In TAMARIS, next steps will be to use the same device on other test rigs on AZALEE table:
• Metallic structures.
• Concrete building.
Another system derived from this stereovision one will be provided by Videometric. It is based
on 3D stereo correlation technique and will be dedicated to the measurement of 3D displacement
maps on reduced area of concrete buildings, for instance. This system will be received, tested
and checked during 2011.
3.5.13 Conclusion
A review of the available vision sensors has been made, that has put in evidence the riches of this
technology, and its fast development, as it is linked to the prosperous branches of electronics
“submitted” to the well known Moore law. Indeed, the vision sensor will offer higher and higher
resolution, with decreasing pixel size.
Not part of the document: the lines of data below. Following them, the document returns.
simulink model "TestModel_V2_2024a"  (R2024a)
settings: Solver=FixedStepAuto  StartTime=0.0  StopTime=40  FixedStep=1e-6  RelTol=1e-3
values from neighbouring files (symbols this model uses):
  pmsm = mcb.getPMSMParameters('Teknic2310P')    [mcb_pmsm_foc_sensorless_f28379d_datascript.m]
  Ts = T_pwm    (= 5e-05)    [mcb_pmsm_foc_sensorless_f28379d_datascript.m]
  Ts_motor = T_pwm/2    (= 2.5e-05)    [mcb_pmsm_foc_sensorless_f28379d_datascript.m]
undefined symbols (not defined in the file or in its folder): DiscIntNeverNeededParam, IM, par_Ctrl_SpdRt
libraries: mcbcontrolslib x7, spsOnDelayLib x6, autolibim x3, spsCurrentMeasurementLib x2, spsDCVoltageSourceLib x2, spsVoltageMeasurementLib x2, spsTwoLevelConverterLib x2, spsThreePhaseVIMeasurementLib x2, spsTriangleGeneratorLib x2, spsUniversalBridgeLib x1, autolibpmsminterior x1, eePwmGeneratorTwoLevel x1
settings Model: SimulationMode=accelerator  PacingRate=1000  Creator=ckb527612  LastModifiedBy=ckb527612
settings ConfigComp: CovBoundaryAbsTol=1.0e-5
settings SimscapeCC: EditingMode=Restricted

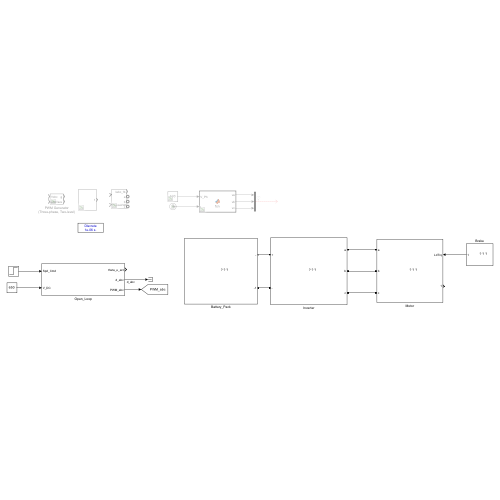
[thumbnail: Simulink's stored preview of the top-level diagram]
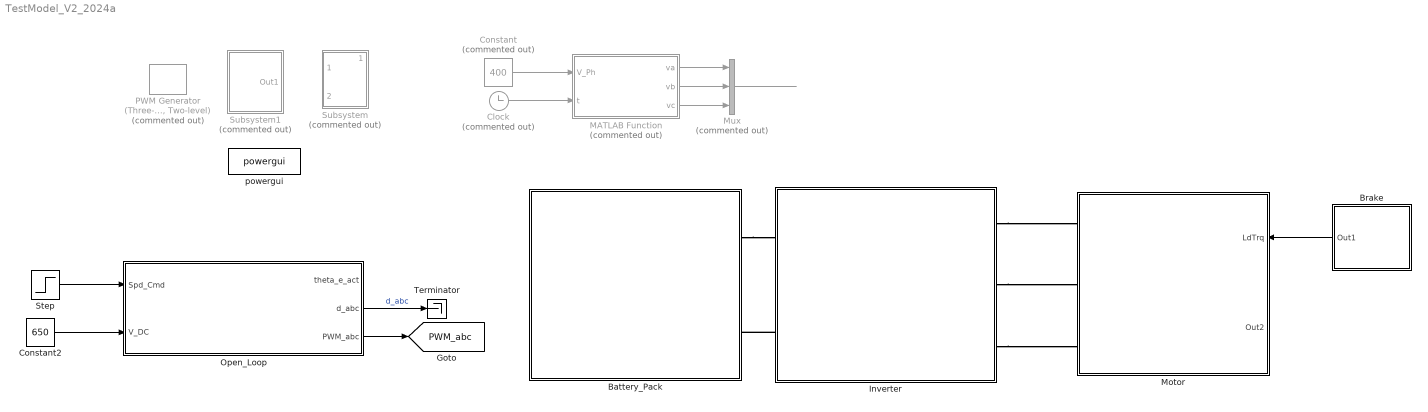
== system TestModel_V2_2024a ==
  Battery_Pack : Subsystem
      mask Display: image('battery_pack.jpg');
  Brake : Subsystem
      mask Display: image('brake-system-types-and-hydraulic-brake-parts-and-functions-6.png');
  Clock : Clock  Commented=on
  Constant : Constant  Commented=on  Value=400
  Constant2 : Constant  Value=650
  Inverter : Subsystem
      mask Display: image('inverter.jpg');
  MATLAB Function : MATLAB Function  Commented=on  TreatAsAtomicUnit=on
  Motor : Subsystem
      settings: PortSchema="{\"entries\":[{\"content\":{\"sides\":[{\"content\":{\"connectorIds\":[\"LConn1\",\"LConn2\",\"LConn3\"]},\"type\":\"ConnectorPlacement.EquallySpacedRectSide\",\"uuid\":\"ba224176-031b-46fb-9c66-bda2665a14bd\"},{\"content\":{\"connectorIds\":[\"In1\",\"Out1\"],\"side\":\"RIGHT\"},\"type\":\"ConnectorPlacement.EquallySpacedRectSide\",\"uuid\":\"afd0beac-69db-400a-8bb3-39f53f6dd0dc\"},{\"content\":{\"side\":\"TOP\"},\"type\":\"ConnectorPlacement.EquallySpacedRectSide\",\"uuid\":\"9d949d83-5907-4238-9cb9-0d10379fcdec\"}]},\"type\":\"ConnectorPlacement.EquallySpacedConnector\",\"uuid\":\"43d01ac6-0c0f-4af8-b336-a00f131902fe\"}],\"packageUris\":[\"http://schema.mathworks.com/mf0/Connector/R2020b\"],\"version\":\"1.0\"}"
      mask Display: image('Motor3.jpg');
  Mux : Mux  Commented=on  Inputs=3
  Open_Loop : Subsystem
  "PWM Generator (Three-phase, Two-level)" : eePwmGeneratorTwoLevel/PWM Generator (Three-phase, Two-level)  Commented=on  PWMMode=Continuous PWM (CPWM)  CPWMMode=SVM: space vector modulation  DPWMMode=60 DPWM: 60 degree discontinuous PWM  fsw=10e3  Ts=1e-6
      settings: LibrarySourceBlock=|
      | ee_sl_lib/Pulse Width
      | Modulation/PWM Generator
      | (Three-phase, Two-level)
  Step : Step  After=500
  Subsystem : Subsystem  Commented=on
  Subsystem1 : Subsystem  Commented=on
  Terminator : Terminator
  powergui : spspowerguiLib/powergui  Priority=1  SimulationMode=Discrete  SampleTime=1e-6  frequency=60  Iterations=50  frequencyindice=0  Pbase=100e6  ErrMax=1e-4  UnitsV=kV  UnitsW=MW  buscounter=0  FunctionMessages=off  echomessages=off  EnableUseOfTLC=off  CurrentSourceSwitches=off  DisableSnubberDevices=off  DisableRonSwitches=off  DisableVfSwitches=off  DisplayEquations=off  AutomaticDiscreteSolvers=off  SolverType=Tustin/Backward Euler (TBE)  Interpol=off  ExternalGateDelay=off  methode=off  Ts=100  x0status=blocks  SPID=on  SwTol=0  HookPort=off  NonlinearTolerance=1e-4  nMaxIteration=100  ContinueOnMaxIteration=off  RestoreLinks=warning  ResistiveCurrentMeasurement=off  Frange=[0:2:500]  Ylog=off  Xlog=on  ShowGrid=off  save=off  variable=ZData  structure=0  ZoomFFT=off  StartTime=0.0  cycles=1  DisplayStyle=1  fundamental=60  FreqAxis=off  MaxFrequency=1000  frequencyindicesteady=1  RmsSteady=1  display=off
  tag scope: PWM_abc=global
  wires:
  Constant/1 -> MATLAB Function/1(V_Ph)
  MATLAB Function/1(va) -> Mux/1
  MATLAB Function/2(vb) -> Mux/2
  MATLAB Function/3(vc) -> Mux/3
  Mux/1 -> ?
  Clock/1 -> MATLAB Function/2(t)
  Brake/1(Out1) -> Motor/1(LdTrq)
  Step/1 -> Open_Loop/1(Spd_Cmd)
  Constant2/1 -> Open_Loop/2(V_DC)
  Open_Loop/3(PWM_abc) -> [PWM_abc]
  Open_Loop/2(d_abc) -> Terminator/1  "d_abc"
  connections:
  Inverter/LConn2 -- Battery_Pack/RConn2
  Inverter/RConn2 -- Motor/LConn2
  Inverter/RConn1 -- Motor/LConn1
  Battery_Pack/RConn1 -- Inverter/LConn1
  Inverter/RConn3 -- Motor/LConn3

== system TestModel_V2_2024a/Battery_Pack ==
  Current Measurement : spsCurrentMeasurementLib/Current Measurement  PhasorSimulation=off  OutputType=Complex  PSBequivalent=0
  "V_in " : spsDCVoltageSourceLib/DC Voltage Source  Amplitude=650  Measurements=None
  Voltage Measurement : spsVoltageMeasurementLib/Voltage Measurement  PhasorSimulation=off  OutputType=Complex  PSBequivalent=0
  - : PMIOPort  Side=Right
  -1 : PMIOPort  Port=2  Side=Right
  tag scope: I_in=global, V_in=global
  wires:
  Current Measurement/1 -> [I_in]
  Voltage Measurement/1 -> [V_in]
  connections:
  Current Measurement/RConn1 -- -/RConn1
  Voltage Measurement/LConn1 -- Current Measurement/LConn1 -- "V_in "/RConn1
  "V_in "/LConn1 -- -1/RConn1 -- Voltage Measurement/LConn2

== system TestModel_V2_2024a/Brake ==
  Constant : Constant  Commented=on  Value=pmsm.LdTrq
  Data Type Conversion : DataTypeConversion  Commented=on  OutDataTypeStr=single  SaturateOnIntegerOverflow=off  RndMeth=Floor
  IIR Filter : mcbcontrolslib/IIR Filter  VariantControl=Low Pass Filter  VariantSelect=Low-pass  FilterConstantInputType=Specify via dialog  Filter_constant=0.001  InitialOutput=Specify via dialog  InitialOutputValue=0  ExternalReset=none  advancedSettings=off  Ts=50e-6  cutOff_freq=3.1863
  T_load : Step  Before=IM.Tshaft*0  After=IM.Tshaft*0.15  SampleTime=1e-6
  T_load1 : Step  Commented=on  Time=2.5  Before=pmsm.T_rated*0.1  After=pmsm.T_rated*0.5  SampleTime=Ts_motor
  Terminator : Terminator
  Out1 : Outport
  wires:
  Constant/1 -> Terminator/1
  T_load/1 -> IIR Filter/1
  IIR Filter/1 -> Out1/1

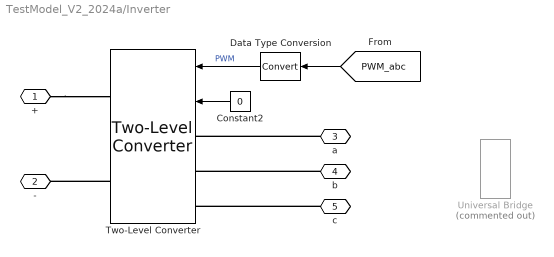
== system TestModel_V2_2024a/Inverter ==
  Constant2 : Constant  Value=0
  Data Type Conversion : DataTypeConversion  SaturateOnIntegerOverflow=off  RndMeth=Floor
  Two-Level Converter : spsTwoLevelConverterLib/Two-Level Converter  ModelType=Switching function  Ron=1e-3  Rs=1e6  Cs=inf  Vforward=[0,0]  Ron_Diode=1e-3  Rs_Diode=1e6  Cs_Diode=inf  Vf_Diode=0  Rs_CurrentSource=inf  Ron_ACsource=1e-3
  Universal Bridge : spsUniversalBridgeLib/Universal Bridge  Commented=on  Arms=3  SnubberResistance=1e5  SnubberCapacitance=inf  Device=IGBT / Diodes  Ron=1e-3  Lon=0  ForwardVoltages="[  0  0  ]"  ForwardVoltage=0  GTOparameters=[ 10e-6 , 20e-6 ]  IGBTparameters=[ 1e-6 , 2e-6 ]  Measurements=None  Measurements_2=None  converterType=Rectifier
  + : PMIOPort  Side=Left
  - : PMIOPort  Port=2  Side=Left
  a : PMIOPort  Port=3  Side=Right
  b : PMIOPort  Port=4  Side=Right
  c : PMIOPort  Port=5  Side=Right
  wires:
  Data Type Conversion/1 -> Two-Level Converter/1  "PWM"
  [PWM_abc] -> Data Type Conversion/1
  Constant2/1 -> Two-Level Converter/2
  connections:
  b/RConn1 -- Two-Level Converter/LConn2
  c/RConn1 -- Two-Level Converter/LConn3
  a/RConn1 -- Two-Level Converter/LConn1
  Two-Level Converter/RConn2 -- -/RConn1
  +/RConn1 -- Two-Level Converter/RConn1

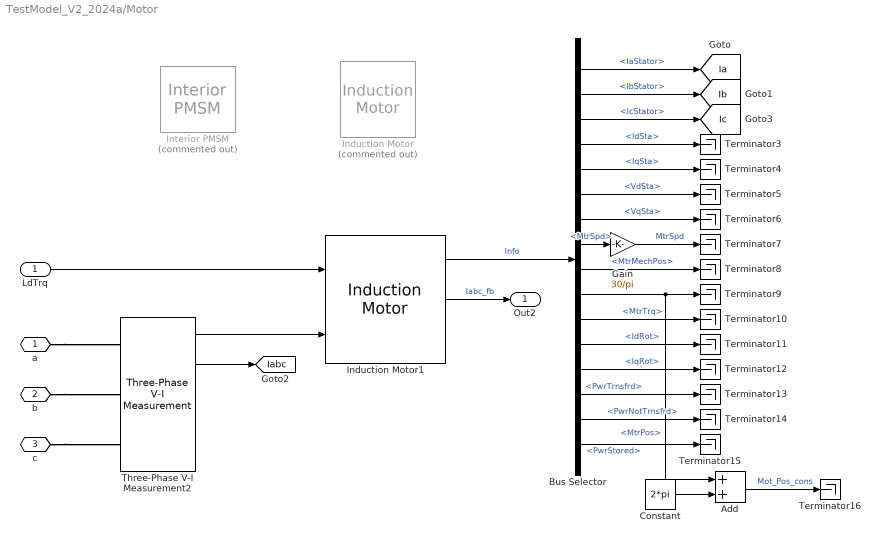
== system TestModel_V2_2024a/Motor ==
  LdTrq : Inport
  Add : Sum
  Bus Selector : BusSelector  OutputSignals=IaStator,IbStator,IcStator,IdSta,IqSta,VdSta,VqSta,MtrSpd,MtrMechPos,MtrPos,MtrTrq,IdRot,IqRot,PwrInfo.PwrTrnsfrd,PwrInfo.PwrNotTrnsfrd,PwrInfo.PwrStored
  Constant : Constant  Value=2*pi
  Gain : Gain  Gain=30/pi
  Induction Motor : autolibim/Induction Motor  Commented=on  sim_type=Discrete  Ts=0.001  port_config=Torque  P=2  Zs=[0.85 0.0139]  Zr="[0.55  0.0121]"  Lm=0.048  mechanical=[0.055 0.0078 0.5]  theta_init=0  omega_init=0  RefBlkName='autolibim/Induction Motor'  aMode=5
      settings: LibrarySourceBlock=mcblib/Electrical Systems/Motors/Induction Motor
  Induction Motor1 : autolibim/Induction Motor  sim_type=Discrete  Ts=1e-6  port_config=Torque  P=2  Zs=[3.14 0.0369]  Zr="[2.59  0.0369]"  Lm=0.527  mechanical=[0.01 0.00316 0.1]  theta_init=0  omega_init=0  RefBlkName='autolibim/Induction Motor'  aMode=5
      settings: LibrarySourceBlock=mcblib/Electrical Systems/Motors/Induction Motor
  Interior PMSM : autolibpmsminterior/Interior PMSM  Commented=on  port_config=Torque  sim_type=Continuous  Ts=0.001  FilePath=interiorpmsm_motordata.m  P=4  Rs=1.2  Ldq=[14.29e-3 23.15e-3]  KConstText=Permanent flux linkage constant (lambda_pm):  lambda_pm=0.5  Ke=159.9771  mechanical=[0.0045, 4.924e-4, 0]  idq0=[0 0]  theta_init=0  omega_init=0  KConst=0.1194  lambda_pm_calc=0.1194  Kt=1.323  RefBlkName='autolibpmsminterior/Interior PMSM'  aMode=1
      settings: LibrarySourceBlock=autolibemachines/Interior PMSM
  Terminator{3..16} (14 alike) : Terminator
  Three-Phase V-I Measurement2 : spsThreePhaseVIMeasurementLib/Three-Phase V-I Measurement  VoltageMeasurement=phase-to-phase  SetLabelV=off  LabelV=Vabc  Vpu=off  VpuLL=off  CurrentMeasurement=yes  SetLabelI=off  LabelI=Iabc  Ipu=off  Pbase=100e6  Vbase=500e3  OutputType=Complex  PhasorSimulation=off  PSBequivalent=0
  a : PMIOPort  Side=Left
  b : PMIOPort  Port=2  Side=Left
  c : PMIOPort  Port=3  Side=Left
  Out2 : Outport
  tag scope: Ia=global, Iabc=global, Ib=global, Ic=global
  wires:
  Three-Phase V-I Measurement2/2 -> [Iabc]
  LdTrq/1 -> Induction Motor1/1
  Three-Phase V-I Measurement2/1 -> Induction Motor1/2
  Induction Motor1/1 -> Bus Selector/1  "Info"
  Bus Selector/1 -> [Ia]  "<IaStator>"
  Bus Selector/5 -> Terminator4/1  "<IqSta>"
  Bus Selector/14 -> Terminator13/1  "<PwrTrnsfrd>"
  Bus Selector/6 -> Terminator5/1  "<VdSta>"
  Induction Motor1/2 -> Out2/1  "Iabc_fb"
  Gain/1 -> Terminator7/1  "MtrSpd"
  Bus Selector/12 -> Terminator11/1  "<IdRot>"
  Bus Selector/10 -> Add/1, Terminator9/1  "<MtrPos>"
  Bus Selector/11 -> Terminator10/1  "<MtrTrq>"
  Bus Selector/9 -> Terminator8/1  "<MtrMechPos>"
  Bus Selector/2 -> [Ib]  "<IbStator>"
  Bus Selector/4 -> Terminator3/1  "<IdSta>"
  Bus Selector/13 -> Terminator12/1  "<IqRot>"
  Bus Selector/15 -> Terminator14/1  "<PwrNotTrnsfrd>"
  Bus Selector/3 -> [Ic]  "<IcStator>"
  Bus Selector/16 -> Terminator15/1  "<PwrStored>"
  Bus Selector/7 -> Terminator6/1  "<VqSta>"
  Constant/1 -> Add/2
  Add/1 -> Terminator16/1  "Mot_Pos_cons"
  Bus Selector/8 -> Gain/1  "<MtrSpd>"
  connections:
  b/RConn1 -- Three-Phase V-I Measurement2/LConn2
  a/RConn1 -- Three-Phase V-I Measurement2/LConn1
  c/RConn1 -- Three-Phase V-I Measurement2/LConn3

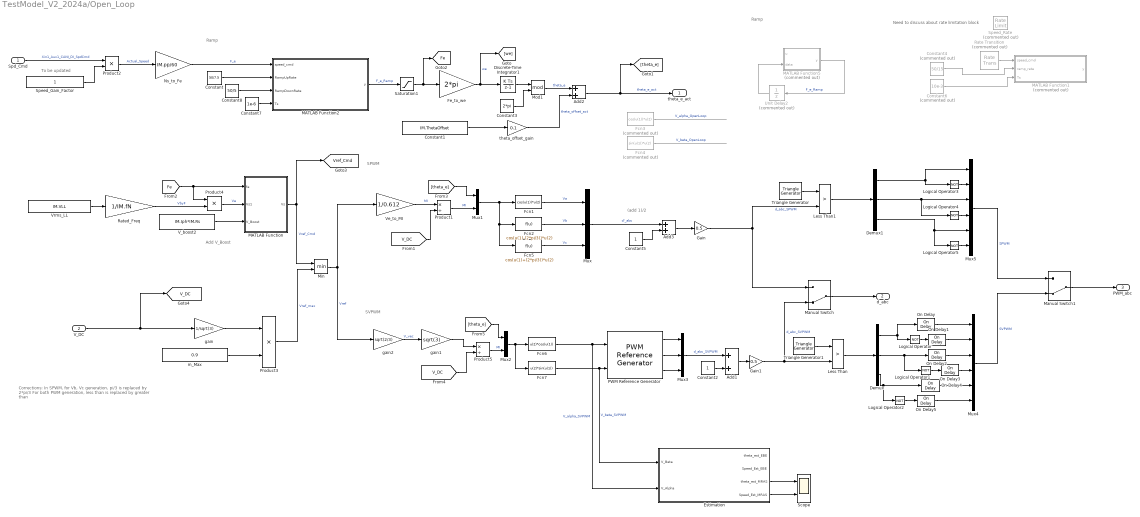
== system TestModel_V2_2024a/Open_Loop ==
  note: Corrections:
      | In SPWM, for Vb, Vc generation, pi/3 is replaced by 2*pi/3
      | For both PWM generation, less than is replaced by greater than
  note: Ramp
  note: SVPWM
  note: SPWM
  note: Add V_Boost
  note: Need to discuss about rate limitation block
  note: To be updated
  note: (add 1)/2
  note: Ramp
  Spd_Cmd : Inport
  V_DC : Inport  Port=2
  Add1 : Sum
  Add2 : Sum
  Add3 : Sum
  Constant : Constant  Value=50/7.5
  Constant1 : Constant  Value=IM.ThetaOffset
  Constant2 : Constant
  Constant3 : Constant  Value=2*pi  OutDataTypeStr=double
  Constant4 : Constant  Commented=on  Value=50/15
  Constant5 : Constant
  Constant6 : Constant  Commented=on  Value=10e-3
  Constant7 : Constant  Value=1e-6
  Constant8 : Constant  Value=50/5
  Demux : Demux  Outputs=3
  Demux1 : Demux  Outputs=3
  Discrete-Time Integrator1 : DiscreteIntegrator  SampleTime=-1  OutDataTypeStr=double  ICPrevOutput=DiscIntNeverNeededParam  ICPrevScaledInput=DiscIntNeverNeededParam
  Estimation : Subsystem
  Fcn1 : Fcn  Expr=cos(u(1))*u(2)
  Fcn2 : Fcn  Expr=cos(u(1)-(2*pi/3))*u(2)
  Fcn3 : Fcn  Commented=on  Expr=cos(u(1))*u(2)
  Fcn4 : Fcn  Commented=on  Expr=sin(u(1))*u(2)
  Fcn5 : Fcn  Expr=cos(u(1)+(2*pi/3))*u(2)
  Fcn6 : Fcn  Expr=u(2)*cos(u(1))
  Fcn7 : Fcn  Expr=u(2)*sin(u(1))
  Fe_to_we : Gain  Gain=2*pi
  Gain : Gain  Gain=0.5
  Gain1 : Gain  Gain=0.5
  Less Than : RelationalOperator  Operator=>  OutDataTypeStr=boolean  RndMeth=Simplest  InputSameDT=off
  Less Than1 : RelationalOperator  Operator=>  OutDataTypeStr=boolean  RndMeth=Simplest  InputSameDT=off
  Logical Operator{,1..5} (6 alike) : Logic  Operator=NOT  AllPortsSameDT=off  OutDataTypeStr=boolean
  MATLAB Function : MATLAB Function  TreatAsAtomicUnit=on
  MATLAB Function1 : MATLAB Function  Commented=on  TreatAsAtomicUnit=on
  MATLAB Function2 : MATLAB Function  TreatAsAtomicUnit=on
  MATLAB Function5 : MATLAB Function  Commented=on  TreatAsAtomicUnit=on
  Manual Switch : ManualSwitch  CurrentSetting=0
  Manual Switch1 : ManualSwitch  CurrentSetting=0
  Min : MinMax  Inputs=2
  Mod1 : Math  Operator=mod
  Mux : Mux  Inputs=3
  Mux1 : Mux  Inputs=2
  Mux2 : Mux  Inputs=2
  Mux3 : Mux  Inputs=3
  Mux4 : Mux  Inputs=6
  Mux5 : Mux  Inputs=6
  Ns_to_Fe : Gain  Gain=IM.pp/60
  On Delay{,1..5} (6 alike) : spsOnDelayLib/On Delay  DelayType=On delay  delay=3e-6  ic=0  Ts=1e-6
  PWM Reference Generator : mcbcontrolslib/PWM Reference Generator  inSignal=Valphabeta  modType=SVM: space vector modulation
      settings: LibrarySourceBlock=mcbhdllib/Controls/Math Transforms/PWM Reference Generator
  Product1 : Product  Inputs=*/
  Product2 : Product
  Product3 : Product
  Product4 : Product
  Product5 : Product  Inputs=*/
  Rate Transition : RateTransition  Commented=on  OutPortSampleTime=10e-3
  Rated_Freq : Gain  Gain=1/IM.fN  ParamDataTypeStr=double  OutDataTypeStr=double
  Saturation1 : Saturate  UpperLimit=50  LowerLimit=0
  Scope : Scope  NumInputPorts=2
  Speed_Gain_Factor : Constant
  Speed_Rate : RateLimiter  Commented=on  RisingSlewLimit=par_Ctrl_SpdRt  FallingSlewLimit=-par_Ctrl_SpdRt  SampleTimeMode=inherited
  Triangle Generator : spsTriangleGeneratorLib/Triangle Generator  Freq=10e3  Phase=0  Ts=1e-6
  Triangle Generator1 : spsTriangleGeneratorLib/Triangle Generator  Freq=10e3  Phase=0  Ts=1e-6
  Unit Delay2 : UnitDelay  Commented=on  SampleTime=-1  HasFrameUpgradeWarning=on
  V_boost2 : Constant  Value=IM.Iph*IM.Rs
  Ve_to_MI : Gain  Gain=1/0.612  ParamDataTypeStr=double  OutDataTypeStr=double
  Vrms_LL : Constant  Value=IM.VLL  OutDataTypeStr=double
  gain : Gain  Gain=1/sqrt(3)
  gain1 : Gain  Gain=sqrt(3)
  gain2 : Gain  Gain=sqrt(2/3)
  m_Max : Constant  Value=0.9
  theta_offset_gain : Gain  Gain=0.1
  theta_e_act : Outport
  d_abc : Outport  Port=2
  PWM_abc : Outport  Port=3
  tag scope: Fe=global, V_DC=global, Vref_Cmd=global
  wires:
  Product2/1 -> Ns_to_Fe/1  "Actual_Speed"
  Fe_to_we/1 -> Discrete-Time Integrator1/1, [we]  "we"
  Add2/1 -> theta_e_act/1, [theta_e]  "theta_e_act"
  Discrete-Time Integrator1/1 -> Mod1/1
  Mod1/1 -> Add2/1  "theta_e"
  Speed_Gain_Factor/1 -> Product2/2
  Ns_to_Fe/1 -> MATLAB Function2/1(speed_cmd)  "F_e"
  Constant3/1 -> Mod1/2
  theta_offset_gain/1 -> Add2/2  "theta_offset_act"
  Spd_Cmd/1 -> Product2/1  "Xin1_Aux1_CANI_DI_SpdCmd"
  Constant1/1 -> theta_offset_gain/1
  Vrms_LL/1 -> Rated_Freq/1
  Rated_Freq/1 -> Product4/2  "VbyF"
  [Fe] -> Product4/1, MATLAB Function/1(fe)
  Product4/1 -> MATLAB Function/2(Vs1)  "Ve"
  Product1/1 -> Mux1/2  "MI"
  [theta_e] -> Mux1/1
  Fcn3/1 -> ?  "V_alpha_OpenLoop"
  Fcn4/1 -> ?  "V_beta_OpenLoop"
  V_boost2/1 -> MATLAB Function/3(V_Boost)
  MATLAB Function/1(Vs) -> Min/1, [Vref_Cmd]  "Vref_Cmd"
  V_DC/1 -> [V_DC], gain/1
  Ve_to_MI/1 -> Product1/1  "MI"
  Mux1/1 -> Fcn5/1, Fcn2/1, Fcn1/1
  Fcn1/1 -> Mux/1  "Va"
  Fcn2/1 -> Mux/2  "Vb"
  Fcn5/1 -> Mux/3  "Vc"
  Constant5/1 -> Add3/2
  Add3/1 -> Gain/1
  Mux/1 -> Add3/1  "d'_abc"
  Manual Switch/1 -> d_abc/1
  m_Max/1 -> Product3/2
  gain/1 -> Product3/1
  Product3/1 -> Min/2  "Vref_max"
  Min/1 -> gain2/1, Ve_to_MI/1  "Vref"
  [V_DC] -> Product1/2
  gain1/1 -> Product5/1
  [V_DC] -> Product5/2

Their SNR will be probably kept at a fair level, giving a
true 12 bit output for medium quality CMOS sensors, and at frequency of frame sampling better
than 100 Hertz. The high end scientific CCD will have a very good SNR giving 14 to 16 bit
output with quite low sampling frequency, while scientific CMOS sensors are apparently on their
rise and should offer the same quality as CCD but at a higher frequency. This review has been
restricted to sensors working at frequency of the order of 100 hertz at most.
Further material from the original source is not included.